The greatest impact of the federal legislation might be in encouraging changes at the state level, where poor and minority defendants are most frequently prosecuted. Ohio and Michigan have already passed mens rea reform laws. And in the wake of federal legislation, other states, including New York, would likely follow their lead.

It often seems to be assumed that state legislatures imitate Congress, but I am not sure why. Congress and state legislatures might pass similar legislation because they are responding to the same larger cultural/legal trends–or the pattern might even be backwards, with Congress imitating reforms first tried out in the states (which is certainly an alternative story you could tell in this instance, given the Ohio and Michigan legislation). These days, the main action in state legislating seems to be driven not by looking to Washington but by model legislation promoted by groups like ALEC (and sure enough, ALEC has a model “Criminal Intent Protection Act“). Now, it might be possible that, if Congress enacted this bill, state legislators would follow suit for that reason, i.e. because they see Congress’s stamp of approval as a reason to pass legislation they would not have passed otherwise, but I think it is misleading to suggest that this is “likely.” To the extent that states are already considering and, in some cases, have already passed mens rea reform, I would guess that it is not because they are following Congress’s lead, but rather because both state legislatures and Congress are responding to the same lobbying efforts on this issue by groups like Right on Crime and the Heritage Foundation.

2. Bernie Sanders

Bernie Sanders has taken to promising in debates that after his first term as president, the United States would no longer lead the world in its incarceration rate. In response, various participants in the “hot take” economy have pointed out that this promise is impossible, because the president simply doesn’t have that much direct control over the nation’s prisons–most prisoners are state prisoners, all sorts of legislative changes would be needed, etc., etc.
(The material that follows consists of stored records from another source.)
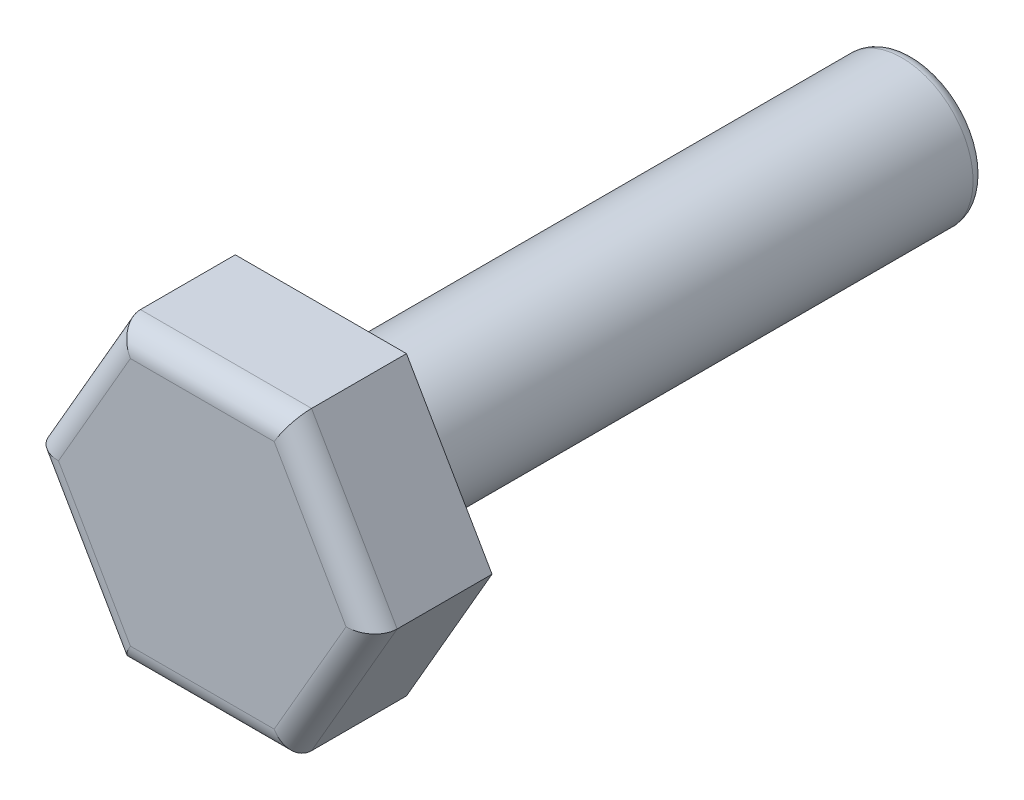
ISO-10303-21;
HEADER;
FILE_DESCRIPTION(('STEP AP214'),'2;1');
FILE_NAME('part.step','',(''),(''),'','','');
FILE_SCHEMA(('AUTOMOTIVE_DESIGN { 1 0 10303 214 1 1 1 1 }'));
ENDSEC;
DATA;
#1=APPLICATION_CONTEXT('core data for automotive mechanical design processes');
#2=APPLICATION_PROTOCOL_DEFINITION('international standard','automotive_design',2000,#1);
#3=PRODUCT_CONTEXT('',#1,'mechanical');
#4=PRODUCT('Part','Part','',(#3));
#5=PRODUCT_RELATED_PRODUCT_CATEGORY('part','',(#4));
#6=PRODUCT_DEFINITION_FORMATION('','',#4);
#7=PRODUCT_DEFINITION_CONTEXT('part definition',#1,'design');
#8=PRODUCT_DEFINITION('design','',#6,#7);
#9=PRODUCT_DEFINITION_SHAPE('','',#8);
#10=(LENGTH_UNIT() NAMED_UNIT(*) SI_UNIT(.MILLI.,.METRE.));
#11=(NAMED_UNIT(*) PLANE_ANGLE_UNIT() SI_UNIT($,.RADIAN.));
#12=(NAMED_UNIT(*) SI_UNIT($,.STERADIAN.) SOLID_ANGLE_UNIT());
#13=UNCERTAINTY_MEASURE_WITH_UNIT(LENGTH_MEASURE(1.E-05),#10,'distance_accuracy_value','');
#14=(GEOMETRIC_REPRESENTATION_CONTEXT(3) GLOBAL_UNCERTAINTY_ASSIGNED_CONTEXT((#13)) GLOBAL_UNIT_ASSIGNED_CONTEXT((#10,
#11,#12)) REPRESENTATION_CONTEXT('',''));
#15=CARTESIAN_POINT('',(0.,0.,0.));
#16=DIRECTION('',(0.,0.,1.));
#17=DIRECTION('',(1.,0.,0.));
#18=AXIS2_PLACEMENT_3D('',#15,#16,#17);
#19=CARTESIAN_POINT('',(0.,0.,60.));
#20=DIRECTION('',(0.,0.,-1.));
#21=DIRECTION('',(-1.,0.,0.));
#22=AXIS2_PLACEMENT_3D('',#19,#20,#21);
#23=CYLINDRICAL_SURFACE('',#22,6.);
#24=CARTESIAN_POINT('',(0.,0.,1.));
#25=DIRECTION('',(0.,0.,1.));
#26=DIRECTION('',(1.,0.,0.));
#27=AXIS2_PLACEMENT_3D('',#24,#25,#26);
#28=CIRCLE('',#27,6.);
#29=CARTESIAN_POINT('',(6.,0.,1.));
#30=VERTEX_POINT('',#29);
#31=EDGE_CURVE('E42',#30,#30,#28,.T.);
#32=ORIENTED_EDGE('',*,*,#31,.T.);
#33=EDGE_LOOP('',(#32));
#34=FACE_BOUND('',#33,.T.);
#35=CARTESIAN_POINT('',(0.,0.,50.));
#36=DIRECTION('',(0.,0.,1.));
#37=DIRECTION('',(1.,0.,0.));
#38=AXIS2_PLACEMENT_3D('',#35,#36,#37);
#39=CIRCLE('',#38,6.);
#40=CARTESIAN_POINT('',(6.,0.,50.));
#41=VERTEX_POINT('',#40);
#42=EDGE_CURVE('E149',#41,#41,#39,.T.);
#43=ORIENTED_EDGE('',*,*,#42,.F.);
#44=EDGE_LOOP('',(#43));
#45=FACE_BOUND('',#44,.T.);
#46=ADVANCED_FACE('F34',(#34,#45),#23,.T.);
#47=CARTESIAN_POINT('',(0.,0.,0.));
#48=DIRECTION('',(0.,0.,1.));
#49=DIRECTION('',(1.,0.,0.));
#50=AXIS2_PLACEMENT_3D('',#47,#48,#49);
#51=PLANE('',#50);
#52=CARTESIAN_POINT('',(0.,0.,0.));
#53=DIRECTION('',(0.,0.,1.));
#54=DIRECTION('',(1.,0.,0.));
#55=AXIS2_PLACEMENT_3D('',#52,#53,#54);
#56=CIRCLE('',#55,5.);
#57=CARTESIAN_POINT('',(5.,0.,0.));
#58=VERTEX_POINT('',#57);
#59=EDGE_CURVE('E11',#58,#58,#56,.F.);
#60=ORIENTED_EDGE('',*,*,#59,.T.);
#61=EDGE_LOOP('',(#60));
#62=FACE_BOUND('',#61,.T.);
#63=ADVANCED_FACE('F208',(#62),#51,.F.);
#64=CARTESIAN_POINT('',(0.,0.,50.));
#65=DIRECTION('',(0.,0.,1.));
#66=DIRECTION('',(1.,0.,0.));
#67=AXIS2_PLACEMENT_3D('',#64,#65,#66);
#68=PLANE('',#67);
#69=DIRECTION('',(1.,0.,0.));
#70=VECTOR('',#69,1.);
#71=CARTESIAN_POINT('',(-7.21687836487032,-12.5,50.));
#72=LINE('',#71,#70);
#73=CARTESIAN_POINT('',(-7.21687836487032,-12.5,50.));
#74=VERTEX_POINT('',#73);
#75=CARTESIAN_POINT('',(7.21687836487032,-12.5,50.));
#76=VERTEX_POINT('',#75);
#77=EDGE_CURVE('E125',#74,#76,#72,.T.);
#78=ORIENTED_EDGE('',*,*,#77,.F.);
#79=DIRECTION('',(0.5,-0.866025403784439,0.));
#80=VECTOR('',#79,1.);
#81=CARTESIAN_POINT('',(-14.4337567297406,0.,50.));
#82=LINE('',#81,#80);
#83=CARTESIAN_POINT('',(-14.4337567297406,0.,50.));
#84=VERTEX_POINT('',#83);
#85=EDGE_CURVE('E117',#84,#74,#82,.T.);
#86=ORIENTED_EDGE('',*,*,#85,.F.);
#87=DIRECTION('',(-0.5,-0.866025403784439,0.));
#88=VECTOR('',#87,1.);
#89=CARTESIAN_POINT('',(-7.21687836487033,12.5,50.));
#90=LINE('',#89,#88);
#91=CARTESIAN_POINT('',(-7.21687836487033,12.5,50.));
#92=VERTEX_POINT('',#91);
#93=EDGE_CURVE('E144',#92,#84,#90,.T.);
#94=ORIENTED_EDGE('',*,*,#93,.F.);
#95=DIRECTION('',(-1.,0.,0.));
#96=VECTOR('',#95,1.);
#97=CARTESIAN_POINT('',(7.21687836487033,12.5,50.));
#98=LINE('',#97,#96);
#99=CARTESIAN_POINT('',(7.21687836487033,12.5,50.));
#100=VERTEX_POINT('',#99);
#101=EDGE_CURVE('E141',#100,#92,#98,.T.);
#102=ORIENTED_EDGE('',*,*,#101,.F.);
#103=DIRECTION('',(-0.5,0.866025403784439,0.));
#104=VECTOR('',#103,1.);
#105=CARTESIAN_POINT('',(14.4337567297406,0.,50.));
#106=LINE('',#105,#104);
#107=CARTESIAN_POINT('',(14.4337567297406,0.,50.));
#108=VERTEX_POINT('',#107);
#109=EDGE_CURVE('E129',#108,#100,#106,.T.);
#110=ORIENTED_EDGE('',*,*,#109,.F.);
#111=DIRECTION('',(0.5,0.866025403784439,0.));
#112=VECTOR('',#111,1.);
#113=CARTESIAN_POINT('',(7.21687836487032,-12.5,50.));
#114=LINE('',#113,#112);
#115=EDGE_CURVE('E111',#76,#108,#114,.T.);
#116=ORIENTED_EDGE('',*,*,#115,.F.);
#117=EDGE_LOOP('',(#78,#86,#94,#102,#110,#116));
#118=FACE_BOUND('',#117,.T.);
#119=ORIENTED_EDGE('',*,*,#42,.T.);
#120=EDGE_LOOP('',(#119));
#121=FACE_BOUND('',#120,.T.);
#122=ADVANCED_FACE('F122',(#118,#121),#68,.F.);
#123=CARTESIAN_POINT('',(-7.21687836487032,-12.5,50.));
#124=DIRECTION('',(0.,-1.,0.));
#125=DIRECTION('',(1.,0.,0.));
#126=AXIS2_PLACEMENT_3D('',#123,#124,#125);
#127=PLANE('',#126);
#128=DIRECTION('',(0.,0.,1.));
#129=VECTOR('',#128,1.);
#130=CARTESIAN_POINT('',(7.21687836487032,-12.5,50.));
#131=LINE('',#130,#129);
#132=CARTESIAN_POINT('',(7.21687836487032,-12.5,58.));
#133=VERTEX_POINT('',#132);
#134=EDGE_CURVE('E107',#76,#133,#131,.T.);
#135=ORIENTED_EDGE('',*,*,#134,.T.);
#136=DIRECTION('',(1.,0.,0.));
#137=VECTOR('',#136,1.);
#138=CARTESIAN_POINT('',(-7.21687836487032,-12.5,58.));
#139=LINE('',#138,#137);
#140=CARTESIAN_POINT('',(-7.21687836487032,-12.5,58.));
#141=VERTEX_POINT('',#140);
#142=EDGE_CURVE('E173',#133,#141,#139,.F.);
#143=ORIENTED_EDGE('',*,*,#142,.T.);
#144=DIRECTION('',(0.,0.,1.));
#145=VECTOR('',#144,1.);
#146=CARTESIAN_POINT('',(-7.21687836487032,-12.5,50.));
#147=LINE('',#146,#145);
#148=EDGE_CURVE('E133',#74,#141,#147,.T.);
#149=ORIENTED_EDGE('',*,*,#148,.F.);
#150=ORIENTED_EDGE('',*,*,#77,.T.);
#151=EDGE_LOOP('',(#135,#143,#149,#150));
#152=FACE_BOUND('',#151,.T.);
#153=ADVANCED_FACE('F131',(#152),#127,.T.);
#154=CARTESIAN_POINT('',(-14.4337567297406,0.,50.));
#155=DIRECTION('',(-0.866025403784439,-0.5,0.));
#156=DIRECTION('',(0.5,-0.866025403784439,0.));
#157=AXIS2_PLACEMENT_3D('',#154,#155,#156);
#158=PLANE('',#157);
#159=ORIENTED_EDGE('',*,*,#148,.T.);
#160=DIRECTION('',(0.5,-0.866025403784439,0.));
#161=VECTOR('',#160,1.);
#162=CARTESIAN_POINT('',(-14.4337567297406,0.,58.));
#163=LINE('',#162,#161);
#164=CARTESIAN_POINT('',(-14.4337567297406,0.,58.));
#165=VERTEX_POINT('',#164);
#166=EDGE_CURVE('E175',#141,#165,#163,.F.);
#167=ORIENTED_EDGE('',*,*,#166,.T.);
#168=DIRECTION('',(0.,0.,1.));
#169=VECTOR('',#168,1.);
#170=CARTESIAN_POINT('',(-14.4337567297406,0.,50.));
#171=LINE('',#170,#169);
#172=EDGE_CURVE('E150',#84,#165,#171,.T.);
#173=ORIENTED_EDGE('',*,*,#172,.F.);
#174=ORIENTED_EDGE('',*,*,#85,.T.);
#175=EDGE_LOOP('',(#159,#167,#173,#174));
#176=FACE_BOUND('',#175,.T.);
#177=ADVANCED_FACE('F256',(#176),#158,.T.);
#178=CARTESIAN_POINT('',(-7.21687836487033,12.5,50.));
#179=DIRECTION('',(-0.866025403784439,0.5,0.));
#180=DIRECTION('',(-0.5,-0.866025403784439,0.));
#181=AXIS2_PLACEMENT_3D('',#178,#179,#180);
#182=PLANE('',#181);
#183=ORIENTED_EDGE('',*,*,#172,.T.);
#184=DIRECTION('',(-0.5,-0.866025403784439,0.));
#185=VECTOR('',#184,1.);
#186=CARTESIAN_POINT('',(-7.21687836487033,12.5,58.));
#187=LINE('',#186,#185);
#188=CARTESIAN_POINT('',(-7.21687836487033,12.5,58.));
#189=VERTEX_POINT('',#188);
#190=EDGE_CURVE('E57',#165,#189,#187,.F.);
#191=ORIENTED_EDGE('',*,*,#190,.T.);
#192=DIRECTION('',(0.,0.,1.));
#193=VECTOR('',#192,1.);
#194=CARTESIAN_POINT('',(-7.21687836487033,12.5,50.));
#195=LINE('',#194,#193);
#196=EDGE_CURVE('E152',#92,#189,#195,.T.);
#197=ORIENTED_EDGE('',*,*,#196,.F.);
#198=ORIENTED_EDGE('',*,*,#93,.T.);
#199=EDGE_LOOP('',(#183,#191,#197,#198));
#200=FACE_BOUND('',#199,.T.);
#201=ADVANCED_FACE('F260',(#200),#182,.T.);
#202=CARTESIAN_POINT('',(7.21687836487033,12.5,50.));
#203=DIRECTION('',(0.,1.,0.));
#204=DIRECTION('',(-1.,0.,0.));
#205=AXIS2_PLACEMENT_3D('',#202,#203,#204);
#206=PLANE('',#205);
#207=ORIENTED_EDGE('',*,*,#196,.T.);
#208=DIRECTION('',(-1.,0.,0.));
#209=VECTOR('',#208,1.);
#210=CARTESIAN_POINT('',(7.21687836487033,12.5,58.));
#211=LINE('',#210,#209);
#212=CARTESIAN_POINT('',(7.21687836487033,12.5,58.));
#213=VERTEX_POINT('',#212);
#214=EDGE_CURVE('E49',#189,#213,#211,.F.);
#215=ORIENTED_EDGE('',*,*,#214,.T.);
#216=DIRECTION('',(0.,0.,1.));
#217=VECTOR('',#216,1.);
#218=CARTESIAN_POINT('',(7.21687836487033,12.5,50.));
#219=LINE('',#218,#217);
#220=EDGE_CURVE('E154',#100,#213,#219,.T.);
#221=ORIENTED_EDGE('',*,*,#220,.F.);
#222=ORIENTED_EDGE('',*,*,#101,.T.);
#223=EDGE_LOOP('',(#207,#215,#221,#222));
#224=FACE_BOUND('',#223,.T.);
#225=ADVANCED_FACE('F259',(#224),#206,.T.);
#226=CARTESIAN_POINT('',(14.4337567297406,0.,50.));
#227=DIRECTION('',(0.866025403784439,0.5,0.));
#228=DIRECTION('',(-0.5,0.866025403784439,0.));
#229=AXIS2_PLACEMENT_3D('',#226,#227,#228);
#230=PLANE('',#229);
#231=ORIENTED_EDGE('',*,*,#220,.T.);
#232=DIRECTION('',(-0.5,0.866025403784439,0.));
#233=VECTOR('',#232,1.);
#234=CARTESIAN_POINT('',(14.4337567297406,0.,58.));
#235=LINE('',#234,#233);
#236=CARTESIAN_POINT('',(14.4337567297406,0.,58.));
#237=VERTEX_POINT('',#236);
#238=EDGE_CURVE('E179',#213,#237,#235,.F.);
#239=ORIENTED_EDGE('',*,*,#238,.T.);
#240=DIRECTION('',(0.,0.,1.));
#241=VECTOR('',#240,1.);
#242=CARTESIAN_POINT('',(14.4337567297406,0.,50.));
#243=LINE('',#242,#241);
#244=EDGE_CURVE('E116',#108,#237,#243,.T.);
#245=ORIENTED_EDGE('',*,*,#244,.F.);
#246=ORIENTED_EDGE('',*,*,#109,.T.);
#247=EDGE_LOOP('',(#231,#239,#245,#246));
#248=FACE_BOUND('',#247,.T.);
#249=ADVANCED_FACE('F248',(#248),#230,.T.);
#250=CARTESIAN_POINT('',(7.21687836487032,-12.5,50.));
#251=DIRECTION('',(0.866025403784439,-0.5,0.));
#252=DIRECTION('',(0.5,0.866025403784439,0.));
#253=AXIS2_PLACEMENT_3D('',#250,#251,#252);
#254=PLANE('',#253);
#255=ORIENTED_EDGE('',*,*,#244,.T.);
#256=DIRECTION('',(0.5,0.866025403784439,0.));
#257=VECTOR('',#256,1.);
#258=CARTESIAN_POINT('',(7.21687836487032,-12.5,58.));
#259=LINE('',#258,#257);
#260=EDGE_CURVE('E113',#237,#133,#259,.F.);
#261=ORIENTED_EDGE('',*,*,#260,.T.);
#262=ORIENTED_EDGE('',*,*,#134,.F.);
#263=ORIENTED_EDGE('',*,*,#115,.T.);
#264=EDGE_LOOP('',(#255,#261,#262,#263));
#265=FACE_BOUND('',#264,.T.);
#266=ADVANCED_FACE('F110',(#265),#254,.T.);
#267=CARTESIAN_POINT('',(0.,0.,60.));
#268=DIRECTION('',(0.,0.,1.));
#269=DIRECTION('',(1.,0.,0.));
#270=AXIS2_PLACEMENT_3D('',#267,#268,#269);
#271=PLANE('',#270);
#272=DIRECTION('',(1.,0.,0.));
#273=VECTOR('',#272,1.);
#274=CARTESIAN_POINT('',(0.,-10.5,60.));
#275=LINE('',#274,#273);
#276=CARTESIAN_POINT('',(-6.06217782649107,-10.5,60.));
#277=VERTEX_POINT('',#276);
#278=CARTESIAN_POINT('',(6.06217782649107,-10.5,60.));
#279=VERTEX_POINT('',#278);
#280=EDGE_CURVE('E167',#277,#279,#275,.T.);
#281=ORIENTED_EDGE('',*,*,#280,.T.);
#282=DIRECTION('',(0.5,0.866025403784439,0.));
#283=VECTOR('',#282,1.);
#284=CARTESIAN_POINT('',(9.0932667397366,-5.25,60.));
#285=LINE('',#284,#283);
#286=CARTESIAN_POINT('',(12.1243556529821,0.,60.));
#287=VERTEX_POINT('',#286);
#288=EDGE_CURVE('E169',#279,#287,#285,.T.);
#289=ORIENTED_EDGE('',*,*,#288,.T.);
#290=DIRECTION('',(-0.5,0.866025403784439,0.));
#291=VECTOR('',#290,1.);
#292=CARTESIAN_POINT('',(9.09326673973661,5.25,60.));
#293=LINE('',#292,#291);
#294=CARTESIAN_POINT('',(6.06217782649108,10.5,60.));
#295=VERTEX_POINT('',#294);
#296=EDGE_CURVE('E159',#287,#295,#293,.T.);
#297=ORIENTED_EDGE('',*,*,#296,.T.);
#298=DIRECTION('',(-1.,0.,0.));
#299=VECTOR('',#298,1.);
#300=CARTESIAN_POINT('',(0.,10.5,60.));
#301=LINE('',#300,#299);
#302=CARTESIAN_POINT('',(-6.06217782649107,10.5,60.));
#303=VERTEX_POINT('',#302);
#304=EDGE_CURVE('E161',#295,#303,#301,.T.);
#305=ORIENTED_EDGE('',*,*,#304,.T.);
#306=DIRECTION('',(-0.5,-0.866025403784439,0.));
#307=VECTOR('',#306,1.);
#308=CARTESIAN_POINT('',(-9.0932667397366,5.25,60.));
#309=LINE('',#308,#307);
#310=CARTESIAN_POINT('',(-12.1243556529821,0.,60.));
#311=VERTEX_POINT('',#310);
#312=EDGE_CURVE('E163',#303,#311,#309,.T.);
#313=ORIENTED_EDGE('',*,*,#312,.T.);
#314=DIRECTION('',(0.5,-0.866025403784439,0.));
#315=VECTOR('',#314,1.);
#316=CARTESIAN_POINT('',(-9.09326673973661,-5.25,60.));
#317=LINE('',#316,#315);
#318=EDGE_CURVE('E165',#311,#277,#317,.T.);
#319=ORIENTED_EDGE('',*,*,#318,.T.);
#320=EDGE_LOOP('',(#281,#289,#297,#305,#313,#319));
#321=FACE_BOUND('',#320,.T.);
#322=ADVANCED_FACE('F233',(#321),#271,.T.);
#323=CARTESIAN_POINT('',(-9.09326673973661,5.25,58.));
#324=DIRECTION('',(-0.5,-0.866025403784439,0.));
#325=DIRECTION('',(0.866025403784439,-0.5,0.));
#326=AXIS2_PLACEMENT_3D('',#323,#324,#325);
#327=CYLINDRICAL_SURFACE('',#326,2.);
#328=CARTESIAN_POINT('',(-6.06217782649107,10.5,58.));
#329=DIRECTION('',(-0.866025403784439,-0.5,0.));
#330=DIRECTION('',(-0.5,0.866025403784439,0.));
#331=AXIS2_PLACEMENT_3D('',#328,#329,#330);
#332=ELLIPSE('',#331,2.3094010767585,2.);
#333=EDGE_CURVE('E137',#189,#303,#332,.F.);
#334=ORIENTED_EDGE('',*,*,#333,.F.);
#335=ORIENTED_EDGE('',*,*,#190,.F.);
#336=CARTESIAN_POINT('',(-12.1243556529821,0.,58.));
#337=DIRECTION('',(0.,-1.,0.));
#338=DIRECTION('',(-1.,0.,0.));
#339=AXIS2_PLACEMENT_3D('',#336,#337,#338);
#340=ELLIPSE('',#339,2.3094010767585,2.);
#341=EDGE_CURVE('E134',#311,#165,#340,.T.);
#342=ORIENTED_EDGE('',*,*,#341,.F.);
#343=ORIENTED_EDGE('',*,*,#312,.F.);
#344=EDGE_LOOP('',(#334,#335,#342,#343));
#345=FACE_BOUND('',#344,.T.);
#346=ADVANCED_FACE('F230',(#345),#327,.T.);
#347=CARTESIAN_POINT('',(-9.09326673973661,-5.25,58.));
#348=DIRECTION('',(0.5,-0.866025403784439,0.));
#349=DIRECTION('',(0.866025403784439,0.5,0.));
#350=AXIS2_PLACEMENT_3D('',#347,#348,#349);
#351=CYLINDRICAL_SURFACE('',#350,2.);
#352=ORIENTED_EDGE('',*,*,#341,.T.);
#353=ORIENTED_EDGE('',*,*,#166,.F.);
#354=CARTESIAN_POINT('',(-6.06217782649107,-10.5,58.));
#355=DIRECTION('',(0.866025403784439,-0.5,0.));
#356=DIRECTION('',(-0.5,-0.866025403784439,0.));
#357=AXIS2_PLACEMENT_3D('',#354,#355,#356);
#358=ELLIPSE('',#357,2.3094010767585,2.);
#359=EDGE_CURVE('E188',#277,#141,#358,.T.);
#360=ORIENTED_EDGE('',*,*,#359,.F.);
#361=ORIENTED_EDGE('',*,*,#318,.F.);
#362=EDGE_LOOP('',(#352,#353,#360,#361));
#363=FACE_BOUND('',#362,.T.);
#364=ADVANCED_FACE('F227',(#363),#351,.T.);
#365=CARTESIAN_POINT('',(0.,10.5,58.));
#366=DIRECTION('',(-1.,0.,0.));
#367=DIRECTION('',(0.,-1.,0.));
#368=AXIS2_PLACEMENT_3D('',#365,#366,#367);
#369=CYLINDRICAL_SURFACE('',#368,2.);
#370=ORIENTED_EDGE('',*,*,#333,.T.);
#371=ORIENTED_EDGE('',*,*,#304,.F.);
#372=CARTESIAN_POINT('',(6.06217782649108,10.5,58.));
#373=DIRECTION('',(-0.866025403784439,0.5,0.));
#374=DIRECTION('',(0.5,0.866025403784439,0.));
#375=AXIS2_PLACEMENT_3D('',#372,#373,#374);
#376=ELLIPSE('',#375,2.3094010767585,2.);
#377=EDGE_CURVE('E185',#213,#295,#376,.F.);
#378=ORIENTED_EDGE('',*,*,#377,.F.);
#379=ORIENTED_EDGE('',*,*,#214,.F.);
#380=EDGE_LOOP('',(#370,#371,#378,#379));
#381=FACE_BOUND('',#380,.T.);
#382=ADVANCED_FACE('F223',(#381),#369,.T.);
#383=CARTESIAN_POINT('',(0.,-10.5,58.));
#384=DIRECTION('',(1.,0.,0.));
#385=DIRECTION('',(0.,1.,0.));
#386=AXIS2_PLACEMENT_3D('',#383,#384,#385);
#387=CYLINDRICAL_SURFACE('',#386,2.);
#388=ORIENTED_EDGE('',*,*,#359,.T.);
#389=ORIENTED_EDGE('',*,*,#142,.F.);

Obviously, I have no problem with puncturing politicians’ campaign promises (and certainly no problem with emphasizing the limits of federal policy, and the need for local/state changes, in the criminal justice realm), but it strikes me that some of these particular criticisms may be misunderstanding where Sanders is coming from. A standard leftish view of America’s prison problem is that mass incarceration has been used by capital as an outlet for labor displaced by deindustrialization (both in the sense that prisoners are people who would otherwise be unemployed, and in the sense that prison construction and jobs have been sold to rural towns as a substitute for factory jobs–notwithstanding that, in reality, prisons don’t tend to help local economies that much).

Now, there are various academic debates about all of this and a wide range of more specific views that people hold about how exactly capital, the state, and prisons all work together. But, if Sanders is operating (even in a vague sense) from something like a left-labor set of premises about mass incarceration, then his proposal to reduce the prison population may, in his view, be more a promise about macroeconomic outcomes than about criminal justice law and policy per se. In other words, I would guess he is not literally proposing to release millions of prisoners but rather thinks that reorienting the U.S. economy and welfare state around the needs of working-class people would alleviate some of the displacement caused by deindustrialization and, as a result, hydraulically start to generate reductions in the prison population over time. Of course, this could still be impossible (either in general or within the timeframe he’s proposing), and I also could be wrong to assume that he’s thinking about the issue in this way, but if I were a reporter or pundit, these are the kinds of mechanisms I would be asking about when interpreting this particular bit of campaign rhetoric–if not instead of, then at least in addition to the literal interplay between state and federal criminal justice policy.

All that said, my general view on campaign criminal justice rhetoric is that having a presidential candidate make overblown promises in this direction rather than in the direction of locking everyone up ad infinitum is a preferable new development.